** Opening EXERCISE DATA block **

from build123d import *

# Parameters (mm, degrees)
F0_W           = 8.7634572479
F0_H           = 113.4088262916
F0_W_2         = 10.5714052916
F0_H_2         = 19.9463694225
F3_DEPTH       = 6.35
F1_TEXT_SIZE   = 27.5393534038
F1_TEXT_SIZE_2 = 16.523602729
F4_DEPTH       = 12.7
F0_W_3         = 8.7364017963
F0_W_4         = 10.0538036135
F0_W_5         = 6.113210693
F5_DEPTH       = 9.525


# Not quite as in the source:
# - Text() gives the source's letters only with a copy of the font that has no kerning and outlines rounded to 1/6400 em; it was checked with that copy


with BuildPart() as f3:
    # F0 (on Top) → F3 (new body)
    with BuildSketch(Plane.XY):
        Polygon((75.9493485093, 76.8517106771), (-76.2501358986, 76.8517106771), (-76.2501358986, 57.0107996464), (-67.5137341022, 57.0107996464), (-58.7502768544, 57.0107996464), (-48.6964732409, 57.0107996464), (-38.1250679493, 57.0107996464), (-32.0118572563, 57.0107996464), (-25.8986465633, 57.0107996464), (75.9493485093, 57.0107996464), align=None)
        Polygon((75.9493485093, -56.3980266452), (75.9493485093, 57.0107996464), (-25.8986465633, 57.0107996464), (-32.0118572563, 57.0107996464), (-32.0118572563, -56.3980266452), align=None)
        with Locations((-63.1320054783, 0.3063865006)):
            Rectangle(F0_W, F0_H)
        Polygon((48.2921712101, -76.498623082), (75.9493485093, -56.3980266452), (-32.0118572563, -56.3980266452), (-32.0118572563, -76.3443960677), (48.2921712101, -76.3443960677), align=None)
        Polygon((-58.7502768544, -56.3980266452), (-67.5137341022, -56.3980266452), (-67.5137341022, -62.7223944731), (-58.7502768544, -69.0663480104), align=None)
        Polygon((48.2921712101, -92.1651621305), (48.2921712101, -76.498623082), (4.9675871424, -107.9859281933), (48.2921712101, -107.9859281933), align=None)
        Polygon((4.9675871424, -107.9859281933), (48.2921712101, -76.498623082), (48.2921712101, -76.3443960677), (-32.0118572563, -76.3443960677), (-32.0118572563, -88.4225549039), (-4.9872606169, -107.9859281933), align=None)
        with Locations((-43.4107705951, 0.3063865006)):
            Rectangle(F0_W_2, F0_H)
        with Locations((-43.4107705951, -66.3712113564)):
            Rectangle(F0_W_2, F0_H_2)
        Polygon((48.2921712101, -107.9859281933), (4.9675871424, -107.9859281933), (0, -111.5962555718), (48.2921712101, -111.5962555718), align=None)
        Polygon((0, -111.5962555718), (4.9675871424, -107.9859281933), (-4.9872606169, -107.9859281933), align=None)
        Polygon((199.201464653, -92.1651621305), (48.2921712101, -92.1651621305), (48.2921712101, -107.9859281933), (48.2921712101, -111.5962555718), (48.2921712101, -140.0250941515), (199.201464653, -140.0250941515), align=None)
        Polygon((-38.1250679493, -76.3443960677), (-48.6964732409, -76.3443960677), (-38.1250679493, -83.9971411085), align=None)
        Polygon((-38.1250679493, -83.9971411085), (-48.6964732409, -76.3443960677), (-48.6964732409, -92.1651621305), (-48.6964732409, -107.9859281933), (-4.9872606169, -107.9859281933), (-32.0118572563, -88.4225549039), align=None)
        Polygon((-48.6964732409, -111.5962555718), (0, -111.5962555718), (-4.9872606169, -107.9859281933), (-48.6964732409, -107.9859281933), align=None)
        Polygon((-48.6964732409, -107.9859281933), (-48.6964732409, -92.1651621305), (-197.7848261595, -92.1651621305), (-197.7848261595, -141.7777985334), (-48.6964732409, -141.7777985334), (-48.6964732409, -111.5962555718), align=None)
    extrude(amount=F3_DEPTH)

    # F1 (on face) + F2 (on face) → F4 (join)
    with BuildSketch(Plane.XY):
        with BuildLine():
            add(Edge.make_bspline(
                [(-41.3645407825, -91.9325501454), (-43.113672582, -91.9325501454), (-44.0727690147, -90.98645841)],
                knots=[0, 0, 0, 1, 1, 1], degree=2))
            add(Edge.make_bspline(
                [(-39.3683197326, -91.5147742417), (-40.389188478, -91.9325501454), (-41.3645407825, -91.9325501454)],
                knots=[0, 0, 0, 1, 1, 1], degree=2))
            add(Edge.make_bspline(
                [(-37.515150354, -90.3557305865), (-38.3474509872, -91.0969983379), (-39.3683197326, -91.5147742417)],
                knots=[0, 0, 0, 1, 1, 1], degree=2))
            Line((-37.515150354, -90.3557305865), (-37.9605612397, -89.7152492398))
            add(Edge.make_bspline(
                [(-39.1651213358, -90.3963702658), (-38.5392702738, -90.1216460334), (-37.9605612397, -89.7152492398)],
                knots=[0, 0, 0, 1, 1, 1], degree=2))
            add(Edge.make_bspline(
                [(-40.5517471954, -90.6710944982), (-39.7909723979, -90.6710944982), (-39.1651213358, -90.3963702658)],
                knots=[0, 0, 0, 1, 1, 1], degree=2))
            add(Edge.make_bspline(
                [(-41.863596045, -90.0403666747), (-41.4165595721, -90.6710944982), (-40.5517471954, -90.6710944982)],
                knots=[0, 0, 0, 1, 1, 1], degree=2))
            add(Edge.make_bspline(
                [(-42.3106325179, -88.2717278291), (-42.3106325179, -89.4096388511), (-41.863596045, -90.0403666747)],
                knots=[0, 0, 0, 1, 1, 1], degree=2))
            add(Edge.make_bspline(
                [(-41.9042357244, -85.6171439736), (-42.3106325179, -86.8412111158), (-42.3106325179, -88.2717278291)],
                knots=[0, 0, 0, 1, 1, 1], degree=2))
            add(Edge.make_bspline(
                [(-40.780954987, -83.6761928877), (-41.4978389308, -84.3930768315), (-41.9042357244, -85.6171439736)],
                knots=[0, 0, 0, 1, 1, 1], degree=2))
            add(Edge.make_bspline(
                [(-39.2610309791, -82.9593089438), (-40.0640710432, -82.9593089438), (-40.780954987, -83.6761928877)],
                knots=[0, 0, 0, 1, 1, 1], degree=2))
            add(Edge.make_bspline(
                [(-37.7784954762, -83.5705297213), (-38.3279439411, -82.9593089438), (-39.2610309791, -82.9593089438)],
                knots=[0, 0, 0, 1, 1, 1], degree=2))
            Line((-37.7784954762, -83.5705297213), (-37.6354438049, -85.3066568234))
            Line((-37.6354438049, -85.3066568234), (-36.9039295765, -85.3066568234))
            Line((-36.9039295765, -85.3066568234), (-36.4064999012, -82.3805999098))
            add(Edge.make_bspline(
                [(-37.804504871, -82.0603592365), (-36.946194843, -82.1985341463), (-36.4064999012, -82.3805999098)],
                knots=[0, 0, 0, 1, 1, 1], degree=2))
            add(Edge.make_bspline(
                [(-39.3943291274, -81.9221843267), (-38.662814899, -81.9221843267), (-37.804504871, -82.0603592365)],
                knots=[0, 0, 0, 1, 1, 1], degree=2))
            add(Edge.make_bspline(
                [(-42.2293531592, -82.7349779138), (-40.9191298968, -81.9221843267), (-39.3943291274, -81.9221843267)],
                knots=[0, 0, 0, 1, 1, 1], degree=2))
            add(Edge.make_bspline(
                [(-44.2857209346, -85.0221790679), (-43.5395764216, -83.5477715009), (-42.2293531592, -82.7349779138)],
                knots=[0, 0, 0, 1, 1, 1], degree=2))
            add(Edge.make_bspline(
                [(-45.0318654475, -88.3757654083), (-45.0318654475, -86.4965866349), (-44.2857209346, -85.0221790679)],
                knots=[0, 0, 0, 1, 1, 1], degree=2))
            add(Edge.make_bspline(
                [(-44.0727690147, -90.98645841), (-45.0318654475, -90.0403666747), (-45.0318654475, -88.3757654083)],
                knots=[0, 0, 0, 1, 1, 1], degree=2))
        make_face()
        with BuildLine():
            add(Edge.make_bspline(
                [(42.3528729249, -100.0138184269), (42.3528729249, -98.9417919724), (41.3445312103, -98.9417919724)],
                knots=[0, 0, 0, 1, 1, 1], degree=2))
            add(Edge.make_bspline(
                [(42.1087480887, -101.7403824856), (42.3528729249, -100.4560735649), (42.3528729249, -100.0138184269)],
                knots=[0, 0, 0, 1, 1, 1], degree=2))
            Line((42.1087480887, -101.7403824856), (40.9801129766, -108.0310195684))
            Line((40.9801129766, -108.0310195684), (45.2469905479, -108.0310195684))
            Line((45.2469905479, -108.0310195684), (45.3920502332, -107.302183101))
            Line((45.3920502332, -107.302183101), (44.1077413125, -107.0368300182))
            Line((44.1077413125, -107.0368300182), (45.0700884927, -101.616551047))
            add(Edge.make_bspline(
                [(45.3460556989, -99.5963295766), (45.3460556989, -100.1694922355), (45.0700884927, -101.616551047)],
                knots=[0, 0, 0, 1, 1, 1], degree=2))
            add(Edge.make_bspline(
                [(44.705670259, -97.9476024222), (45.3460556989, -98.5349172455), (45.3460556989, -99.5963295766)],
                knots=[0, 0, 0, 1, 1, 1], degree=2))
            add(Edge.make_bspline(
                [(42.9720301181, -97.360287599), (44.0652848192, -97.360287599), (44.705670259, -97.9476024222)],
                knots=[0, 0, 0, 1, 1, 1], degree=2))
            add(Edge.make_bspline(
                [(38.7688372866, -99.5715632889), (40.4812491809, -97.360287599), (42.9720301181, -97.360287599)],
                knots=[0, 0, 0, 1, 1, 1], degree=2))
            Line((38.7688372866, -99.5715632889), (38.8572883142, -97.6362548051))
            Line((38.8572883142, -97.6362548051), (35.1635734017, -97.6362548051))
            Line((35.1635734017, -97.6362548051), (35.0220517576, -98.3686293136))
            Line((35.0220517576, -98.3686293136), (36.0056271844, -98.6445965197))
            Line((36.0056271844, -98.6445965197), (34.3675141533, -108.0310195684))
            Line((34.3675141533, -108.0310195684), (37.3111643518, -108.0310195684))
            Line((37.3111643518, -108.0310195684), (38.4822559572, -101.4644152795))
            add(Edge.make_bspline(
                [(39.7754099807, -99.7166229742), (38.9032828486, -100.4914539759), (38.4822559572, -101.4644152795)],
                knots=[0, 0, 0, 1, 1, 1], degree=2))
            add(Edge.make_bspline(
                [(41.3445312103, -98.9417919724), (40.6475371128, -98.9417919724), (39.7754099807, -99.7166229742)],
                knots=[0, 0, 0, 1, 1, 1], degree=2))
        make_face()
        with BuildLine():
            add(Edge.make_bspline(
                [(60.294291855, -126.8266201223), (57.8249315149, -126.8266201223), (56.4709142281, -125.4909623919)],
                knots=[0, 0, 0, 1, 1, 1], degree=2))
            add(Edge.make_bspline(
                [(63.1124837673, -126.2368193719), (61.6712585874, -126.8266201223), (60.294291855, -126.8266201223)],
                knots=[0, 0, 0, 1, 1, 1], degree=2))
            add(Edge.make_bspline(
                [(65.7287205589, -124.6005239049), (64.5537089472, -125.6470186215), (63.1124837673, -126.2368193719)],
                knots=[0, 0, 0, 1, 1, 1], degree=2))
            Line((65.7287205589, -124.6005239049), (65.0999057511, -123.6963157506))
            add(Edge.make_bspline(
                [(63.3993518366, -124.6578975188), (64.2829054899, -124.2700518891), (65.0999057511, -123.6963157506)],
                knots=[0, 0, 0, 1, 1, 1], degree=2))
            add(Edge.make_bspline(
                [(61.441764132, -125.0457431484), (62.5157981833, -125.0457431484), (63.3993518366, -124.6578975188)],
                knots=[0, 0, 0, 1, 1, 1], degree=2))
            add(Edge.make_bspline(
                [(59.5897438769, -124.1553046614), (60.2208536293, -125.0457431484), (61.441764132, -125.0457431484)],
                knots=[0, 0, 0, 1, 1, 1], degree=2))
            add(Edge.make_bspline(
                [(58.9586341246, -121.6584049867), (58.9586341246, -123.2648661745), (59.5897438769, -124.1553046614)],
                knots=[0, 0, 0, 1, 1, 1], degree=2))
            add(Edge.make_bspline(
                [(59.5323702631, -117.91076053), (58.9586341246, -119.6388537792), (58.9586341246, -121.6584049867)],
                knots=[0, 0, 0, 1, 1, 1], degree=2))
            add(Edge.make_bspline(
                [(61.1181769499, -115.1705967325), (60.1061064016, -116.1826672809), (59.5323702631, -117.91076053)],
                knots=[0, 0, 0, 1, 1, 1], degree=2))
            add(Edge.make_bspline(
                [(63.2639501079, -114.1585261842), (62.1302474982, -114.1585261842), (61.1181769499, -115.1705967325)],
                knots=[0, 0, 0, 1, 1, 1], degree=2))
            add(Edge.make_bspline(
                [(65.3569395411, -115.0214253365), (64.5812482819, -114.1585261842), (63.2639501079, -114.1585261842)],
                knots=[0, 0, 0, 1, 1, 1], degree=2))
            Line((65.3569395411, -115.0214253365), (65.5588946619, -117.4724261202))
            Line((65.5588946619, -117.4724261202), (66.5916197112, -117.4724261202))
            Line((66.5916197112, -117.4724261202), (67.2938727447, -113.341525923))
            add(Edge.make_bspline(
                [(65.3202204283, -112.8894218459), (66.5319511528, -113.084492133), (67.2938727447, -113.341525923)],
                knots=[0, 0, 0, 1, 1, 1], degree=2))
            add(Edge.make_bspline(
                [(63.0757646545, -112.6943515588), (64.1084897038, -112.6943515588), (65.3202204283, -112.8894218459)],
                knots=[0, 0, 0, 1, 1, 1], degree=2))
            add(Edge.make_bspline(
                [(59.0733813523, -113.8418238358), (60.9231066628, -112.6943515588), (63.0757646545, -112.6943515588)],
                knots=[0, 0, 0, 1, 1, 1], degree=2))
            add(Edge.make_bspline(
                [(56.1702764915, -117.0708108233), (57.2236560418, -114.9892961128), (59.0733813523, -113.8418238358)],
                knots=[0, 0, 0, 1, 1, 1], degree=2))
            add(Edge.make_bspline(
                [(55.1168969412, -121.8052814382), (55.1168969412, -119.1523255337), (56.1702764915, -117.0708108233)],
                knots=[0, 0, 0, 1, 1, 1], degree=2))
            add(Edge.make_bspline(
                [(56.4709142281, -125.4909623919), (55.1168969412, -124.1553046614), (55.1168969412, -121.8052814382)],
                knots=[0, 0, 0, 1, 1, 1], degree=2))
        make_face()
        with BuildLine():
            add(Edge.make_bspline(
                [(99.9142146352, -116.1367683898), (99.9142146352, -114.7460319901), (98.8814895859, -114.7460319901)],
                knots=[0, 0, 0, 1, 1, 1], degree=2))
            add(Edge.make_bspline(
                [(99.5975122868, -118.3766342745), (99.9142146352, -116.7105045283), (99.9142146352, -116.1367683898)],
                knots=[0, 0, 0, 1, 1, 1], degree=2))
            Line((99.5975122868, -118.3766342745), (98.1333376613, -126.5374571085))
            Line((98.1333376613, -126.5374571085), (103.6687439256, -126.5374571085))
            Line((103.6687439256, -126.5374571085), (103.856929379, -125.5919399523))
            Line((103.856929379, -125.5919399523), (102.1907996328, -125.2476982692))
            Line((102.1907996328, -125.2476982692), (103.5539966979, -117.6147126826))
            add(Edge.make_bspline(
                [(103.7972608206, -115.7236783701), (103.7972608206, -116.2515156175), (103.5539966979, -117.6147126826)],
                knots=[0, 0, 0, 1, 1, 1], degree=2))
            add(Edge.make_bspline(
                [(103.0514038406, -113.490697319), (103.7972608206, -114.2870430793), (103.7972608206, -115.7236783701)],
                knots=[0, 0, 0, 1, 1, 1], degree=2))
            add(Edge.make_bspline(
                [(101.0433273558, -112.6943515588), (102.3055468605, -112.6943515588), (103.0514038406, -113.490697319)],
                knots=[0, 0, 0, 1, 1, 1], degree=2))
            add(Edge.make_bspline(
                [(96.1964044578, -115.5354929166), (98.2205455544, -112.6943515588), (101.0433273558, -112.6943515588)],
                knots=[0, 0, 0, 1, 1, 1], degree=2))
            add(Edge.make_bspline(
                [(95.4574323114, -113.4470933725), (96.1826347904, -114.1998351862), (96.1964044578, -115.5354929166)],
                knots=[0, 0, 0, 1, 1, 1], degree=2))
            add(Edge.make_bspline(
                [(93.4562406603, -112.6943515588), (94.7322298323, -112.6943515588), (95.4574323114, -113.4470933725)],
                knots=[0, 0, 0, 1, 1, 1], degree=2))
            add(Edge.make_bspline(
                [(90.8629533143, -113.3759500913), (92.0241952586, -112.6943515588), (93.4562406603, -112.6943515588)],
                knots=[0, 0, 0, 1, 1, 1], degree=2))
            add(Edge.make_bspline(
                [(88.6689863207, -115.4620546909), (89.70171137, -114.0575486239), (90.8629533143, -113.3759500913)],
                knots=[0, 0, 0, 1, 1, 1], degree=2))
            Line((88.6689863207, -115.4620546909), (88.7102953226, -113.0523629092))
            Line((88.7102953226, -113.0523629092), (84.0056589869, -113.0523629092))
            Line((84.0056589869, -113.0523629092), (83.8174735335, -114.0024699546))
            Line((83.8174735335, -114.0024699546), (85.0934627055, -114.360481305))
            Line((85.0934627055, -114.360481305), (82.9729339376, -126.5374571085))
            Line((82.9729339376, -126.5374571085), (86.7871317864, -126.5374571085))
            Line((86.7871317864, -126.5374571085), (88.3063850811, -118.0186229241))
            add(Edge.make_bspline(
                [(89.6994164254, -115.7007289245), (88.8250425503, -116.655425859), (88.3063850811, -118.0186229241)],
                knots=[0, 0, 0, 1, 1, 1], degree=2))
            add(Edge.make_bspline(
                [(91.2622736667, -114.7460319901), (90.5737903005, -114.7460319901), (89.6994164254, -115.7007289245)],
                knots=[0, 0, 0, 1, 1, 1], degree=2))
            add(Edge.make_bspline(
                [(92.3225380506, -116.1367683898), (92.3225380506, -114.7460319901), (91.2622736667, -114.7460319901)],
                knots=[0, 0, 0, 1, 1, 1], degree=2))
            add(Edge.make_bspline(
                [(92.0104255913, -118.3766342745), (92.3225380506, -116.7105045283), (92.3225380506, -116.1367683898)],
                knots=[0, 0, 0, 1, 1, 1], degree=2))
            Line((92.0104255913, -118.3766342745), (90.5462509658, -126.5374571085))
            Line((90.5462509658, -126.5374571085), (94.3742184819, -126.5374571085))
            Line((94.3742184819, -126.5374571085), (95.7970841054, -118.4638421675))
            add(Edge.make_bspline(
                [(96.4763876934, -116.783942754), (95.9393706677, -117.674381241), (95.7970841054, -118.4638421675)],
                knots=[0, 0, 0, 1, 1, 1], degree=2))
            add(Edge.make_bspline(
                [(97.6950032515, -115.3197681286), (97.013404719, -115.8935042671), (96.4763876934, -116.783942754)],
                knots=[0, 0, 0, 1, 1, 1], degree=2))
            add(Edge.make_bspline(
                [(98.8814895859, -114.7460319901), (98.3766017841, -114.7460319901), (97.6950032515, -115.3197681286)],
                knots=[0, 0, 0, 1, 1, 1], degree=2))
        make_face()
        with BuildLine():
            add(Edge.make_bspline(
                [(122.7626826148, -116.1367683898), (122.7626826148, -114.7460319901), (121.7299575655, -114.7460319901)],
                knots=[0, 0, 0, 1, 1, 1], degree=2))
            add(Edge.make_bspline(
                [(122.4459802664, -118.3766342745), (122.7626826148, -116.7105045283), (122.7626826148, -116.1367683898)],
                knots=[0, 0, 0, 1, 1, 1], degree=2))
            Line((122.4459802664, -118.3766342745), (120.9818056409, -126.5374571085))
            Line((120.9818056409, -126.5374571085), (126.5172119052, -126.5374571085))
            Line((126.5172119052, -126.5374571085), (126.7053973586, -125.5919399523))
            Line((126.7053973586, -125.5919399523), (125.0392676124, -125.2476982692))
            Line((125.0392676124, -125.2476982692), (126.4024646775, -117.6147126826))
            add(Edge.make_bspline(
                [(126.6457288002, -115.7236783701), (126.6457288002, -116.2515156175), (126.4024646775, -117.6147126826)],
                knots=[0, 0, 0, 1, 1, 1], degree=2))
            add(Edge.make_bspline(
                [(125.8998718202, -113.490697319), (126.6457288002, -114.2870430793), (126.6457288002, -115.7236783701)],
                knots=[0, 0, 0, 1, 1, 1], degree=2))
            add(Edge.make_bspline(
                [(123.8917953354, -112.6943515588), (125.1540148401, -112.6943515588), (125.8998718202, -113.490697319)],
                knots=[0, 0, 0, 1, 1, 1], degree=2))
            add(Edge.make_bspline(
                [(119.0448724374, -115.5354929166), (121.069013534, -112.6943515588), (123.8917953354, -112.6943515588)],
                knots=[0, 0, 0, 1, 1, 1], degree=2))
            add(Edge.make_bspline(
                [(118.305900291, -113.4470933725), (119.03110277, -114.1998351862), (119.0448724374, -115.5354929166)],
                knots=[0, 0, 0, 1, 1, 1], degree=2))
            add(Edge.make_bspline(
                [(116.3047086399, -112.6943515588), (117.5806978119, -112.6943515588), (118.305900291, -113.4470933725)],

** Closing EXERCISE DATA block **

- [TASK PROMPT]
A count is wanted, and nothing else: the lines of this listing that include the word "source".

- [ANSWER FOR THIS EXERCISE]
2